- Opening Delimiter -

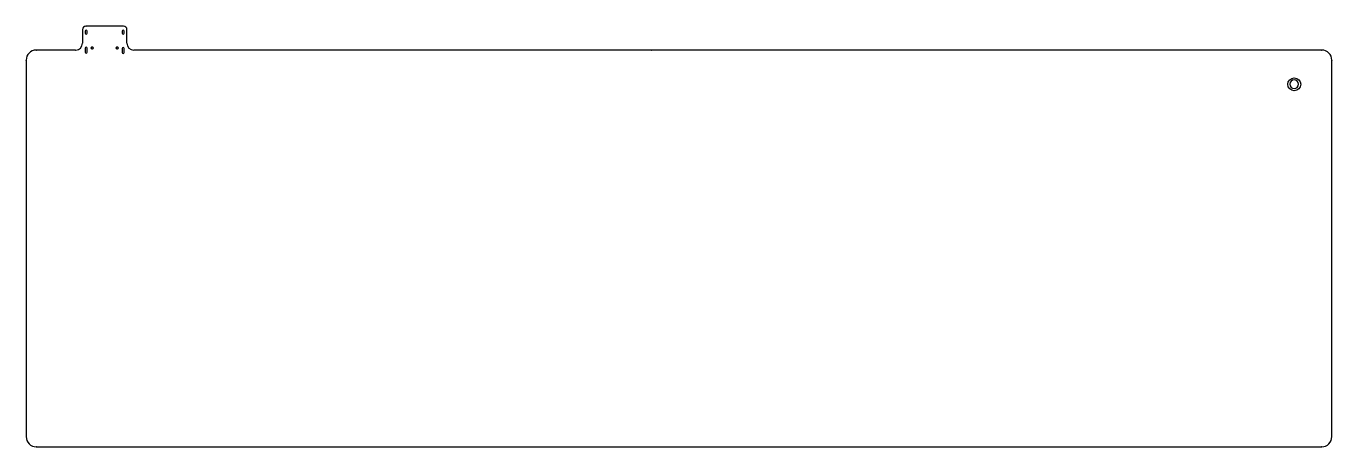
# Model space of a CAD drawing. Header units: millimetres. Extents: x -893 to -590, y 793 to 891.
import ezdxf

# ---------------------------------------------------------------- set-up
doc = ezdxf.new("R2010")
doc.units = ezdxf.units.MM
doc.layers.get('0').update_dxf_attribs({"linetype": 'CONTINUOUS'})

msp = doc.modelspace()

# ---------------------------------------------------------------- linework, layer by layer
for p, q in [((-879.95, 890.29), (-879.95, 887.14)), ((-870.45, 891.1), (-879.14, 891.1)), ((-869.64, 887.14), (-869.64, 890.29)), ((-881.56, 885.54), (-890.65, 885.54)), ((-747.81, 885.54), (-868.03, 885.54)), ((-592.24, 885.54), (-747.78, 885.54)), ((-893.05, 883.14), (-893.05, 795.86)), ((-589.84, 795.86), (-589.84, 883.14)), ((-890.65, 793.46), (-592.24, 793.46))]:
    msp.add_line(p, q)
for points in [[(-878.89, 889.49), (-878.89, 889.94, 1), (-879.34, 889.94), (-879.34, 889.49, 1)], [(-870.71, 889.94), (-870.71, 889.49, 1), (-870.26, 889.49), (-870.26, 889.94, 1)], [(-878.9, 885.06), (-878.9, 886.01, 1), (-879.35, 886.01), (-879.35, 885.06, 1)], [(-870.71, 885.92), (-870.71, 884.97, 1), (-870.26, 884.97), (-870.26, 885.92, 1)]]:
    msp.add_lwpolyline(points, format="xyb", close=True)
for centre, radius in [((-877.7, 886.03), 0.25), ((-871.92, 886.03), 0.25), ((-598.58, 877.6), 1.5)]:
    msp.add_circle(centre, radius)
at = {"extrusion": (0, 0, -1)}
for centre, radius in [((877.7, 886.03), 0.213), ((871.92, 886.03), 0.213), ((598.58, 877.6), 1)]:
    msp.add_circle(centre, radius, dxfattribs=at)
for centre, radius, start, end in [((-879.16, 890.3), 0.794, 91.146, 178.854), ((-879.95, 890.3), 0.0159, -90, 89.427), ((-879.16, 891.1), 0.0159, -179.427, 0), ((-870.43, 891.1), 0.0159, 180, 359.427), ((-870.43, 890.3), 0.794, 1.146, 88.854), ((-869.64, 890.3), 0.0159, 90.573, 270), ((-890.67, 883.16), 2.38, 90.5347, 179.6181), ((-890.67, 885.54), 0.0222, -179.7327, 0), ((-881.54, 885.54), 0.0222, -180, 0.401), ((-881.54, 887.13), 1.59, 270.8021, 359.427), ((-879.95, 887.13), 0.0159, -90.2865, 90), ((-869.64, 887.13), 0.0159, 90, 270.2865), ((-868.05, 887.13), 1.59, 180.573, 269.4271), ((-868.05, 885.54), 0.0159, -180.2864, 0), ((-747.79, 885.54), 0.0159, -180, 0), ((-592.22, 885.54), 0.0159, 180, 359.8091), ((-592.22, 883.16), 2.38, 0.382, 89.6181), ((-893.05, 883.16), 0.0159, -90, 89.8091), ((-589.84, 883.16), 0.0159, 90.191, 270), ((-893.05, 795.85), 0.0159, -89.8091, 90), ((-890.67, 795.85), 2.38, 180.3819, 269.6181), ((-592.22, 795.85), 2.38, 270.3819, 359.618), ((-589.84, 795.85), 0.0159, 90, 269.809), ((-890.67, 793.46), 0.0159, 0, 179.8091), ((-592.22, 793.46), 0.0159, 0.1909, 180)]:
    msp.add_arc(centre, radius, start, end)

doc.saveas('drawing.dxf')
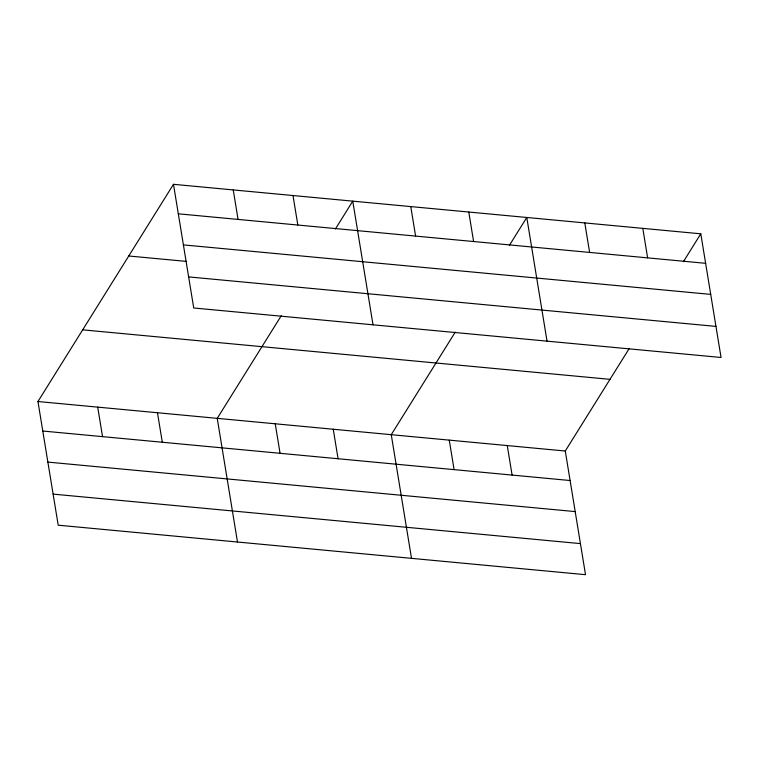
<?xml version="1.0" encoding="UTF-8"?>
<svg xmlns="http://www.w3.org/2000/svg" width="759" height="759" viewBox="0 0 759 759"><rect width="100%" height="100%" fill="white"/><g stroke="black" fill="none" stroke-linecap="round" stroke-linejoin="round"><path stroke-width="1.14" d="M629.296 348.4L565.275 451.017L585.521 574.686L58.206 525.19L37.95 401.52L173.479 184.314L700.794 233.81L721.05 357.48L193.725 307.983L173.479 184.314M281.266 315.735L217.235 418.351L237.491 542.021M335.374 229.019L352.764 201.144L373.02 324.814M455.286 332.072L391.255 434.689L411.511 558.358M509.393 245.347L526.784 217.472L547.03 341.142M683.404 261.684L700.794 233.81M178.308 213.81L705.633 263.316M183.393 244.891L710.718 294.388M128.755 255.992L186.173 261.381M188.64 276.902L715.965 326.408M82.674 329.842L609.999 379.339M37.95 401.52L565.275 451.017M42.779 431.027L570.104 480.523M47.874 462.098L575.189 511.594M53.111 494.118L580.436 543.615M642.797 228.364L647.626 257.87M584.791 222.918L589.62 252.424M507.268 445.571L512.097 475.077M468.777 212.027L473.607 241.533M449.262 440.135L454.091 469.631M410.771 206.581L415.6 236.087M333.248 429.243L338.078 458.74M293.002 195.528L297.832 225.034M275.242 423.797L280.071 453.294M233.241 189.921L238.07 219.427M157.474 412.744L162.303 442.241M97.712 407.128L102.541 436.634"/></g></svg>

- Closing Delimiter -

Exercise
All the data above is to be transcribed exactly, with no pictures included.

Task response
# Model space of a CAD drawing. Header units: millimetres. Extents: x -893 to -590, y 793 to 891.
import ezdxf

# ---------------------------------------------------------------- set-up
doc = ezdxf.new("R2010")
doc.units = ezdxf.units.MM
doc.layers.get('0').update_dxf_attribs({"linetype": 'CONTINUOUS'})

msp = doc.modelspace()

# ---------------------------------------------------------------- linework, layer by layer
for p, q in [((-879.95, 890.29), (-879.95, 887.14)), ((-870.45, 891.1), (-879.14, 891.1)), ((-869.64, 887.14), (-869.64, 890.29)), ((-881.56, 885.54), (-890.65, 885.54)), ((-747.81, 885.54), (-868.03, 885.54)), ((-592.24, 885.54), (-747.78, 885.54)), ((-893.05, 883.14), (-893.05, 795.86)), ((-589.84, 795.86), (-589.84, 883.14)), ((-890.65, 793.46), (-592.24, 793.46))]:
    msp.add_line(p, q)
for points in [[(-878.89, 889.49), (-878.89, 889.94, 1), (-879.34, 889.94), (-879.34, 889.49, 1)], [(-870.71, 889.94), (-870.71, 889.49, 1), (-870.26, 889.49), (-870.26, 889.94, 1)], [(-878.9, 885.06), (-878.9, 886.01, 1), (-879.35, 886.01), (-879.35, 885.06, 1)], [(-870.71, 885.92), (-870.71, 884.97, 1), (-870.26, 884.97), (-870.26, 885.92, 1)]]:
    msp.add_lwpolyline(points, format="xyb", close=True)
for centre, radius in [((-877.7, 886.03), 0.25), ((-871.92, 886.03), 0.25), ((-598.58, 877.6), 1.5)]:
    msp.add_circle(centre, radius)
at = {"extrusion": (0, 0, -1)}
for centre, radius in [((877.7, 886.03), 0.213), ((871.92, 886.03), 0.213), ((598.58, 877.6), 1)]:
    msp.add_circle(centre, radius, dxfattribs=at)
for centre, radius, start, end in [((-879.16, 890.3), 0.794, 91.146, 178.854), ((-879.95, 890.3), 0.0159, -90, 89.427), ((-879.16, 891.1), 0.0159, -179.427, 0), ((-870.43, 891.1), 0.0159, 180, 359.427), ((-870.43, 890.3), 0.794, 1.146, 88.854), ((-869.64, 890.3), 0.0159, 90.573, 270), ((-890.67, 883.16), 2.38, 90.5347, 179.6181), ((-890.67, 885.54), 0.0222, -179.7327, 0), ((-881.54, 885.54), 0.0222, -180, 0.401), ((-881.54, 887.13), 1.59, 270.8021, 359.427), ((-879.95, 887.13), 0.0159, -90.2865, 90), ((-869.64, 887.13), 0.0159, 90, 270.2865), ((-868.05, 887.13), 1.59, 180.573, 269.4271), ((-868.05, 885.54), 0.0159, -180.2864, 0), ((-747.79, 885.54), 0.0159, -180, 0), ((-592.22, 885.54), 0.0159, 180, 359.8091), ((-592.22, 883.16), 2.38, 0.382, 89.6181), ((-893.05, 883.16), 0.0159, -90, 89.8091), ((-589.84, 883.16), 0.0159, 90.191, 270), ((-893.05, 795.85), 0.0159, -89.8091, 90), ((-890.67, 795.85), 2.38, 180.3819, 269.6181), ((-592.22, 795.85), 2.38, 270.3819, 359.618), ((-589.84, 795.85), 0.0159, 90, 269.809), ((-890.67, 793.46), 0.0159, 0, 179.8091), ((-592.22, 793.46), 0.0159, 0.1909, 180)]:
    msp.add_arc(centre, radius, start, end)

doc.saveas('drawing.dxf')
<?xml version="1.0" encoding="UTF-8"?>
<svg xmlns="http://www.w3.org/2000/svg" width="759" height="759" viewBox="0 0 759 759"><rect width="100%" height="100%" fill="white"/><g stroke="black" fill="none" stroke-linecap="round" stroke-linejoin="round"><path stroke-width="1.14" d="M629.296 348.4L565.275 451.017L585.521 574.686L58.206 525.19L37.95 401.52L173.479 184.314L700.794 233.81L721.05 357.48L193.725 307.983L173.479 184.314M281.266 315.735L217.235 418.351L237.491 542.021M335.374 229.019L352.764 201.144L373.02 324.814M455.286 332.072L391.255 434.689L411.511 558.358M509.393 245.347L526.784 217.472L547.03 341.142M683.404 261.684L700.794 233.81M178.308 213.81L705.633 263.316M183.393 244.891L710.718 294.388M128.755 255.992L186.173 261.381M188.64 276.902L715.965 326.408M82.674 329.842L609.999 379.339M37.95 401.52L565.275 451.017M42.779 431.027L570.104 480.523M47.874 462.098L575.189 511.594M53.111 494.118L580.436 543.615M642.797 228.364L647.626 257.87M584.791 222.918L589.62 252.424M507.268 445.571L512.097 475.077M468.777 212.027L473.607 241.533M449.262 440.135L454.091 469.631M410.771 206.581L415.6 236.087M333.248 429.243L338.078 458.74M293.002 195.528L297.832 225.034M275.242 423.797L280.071 453.294M233.241 189.921L238.07 219.427M157.474 412.744L162.303 442.241M97.712 407.128L102.541 436.634"/></g></svg>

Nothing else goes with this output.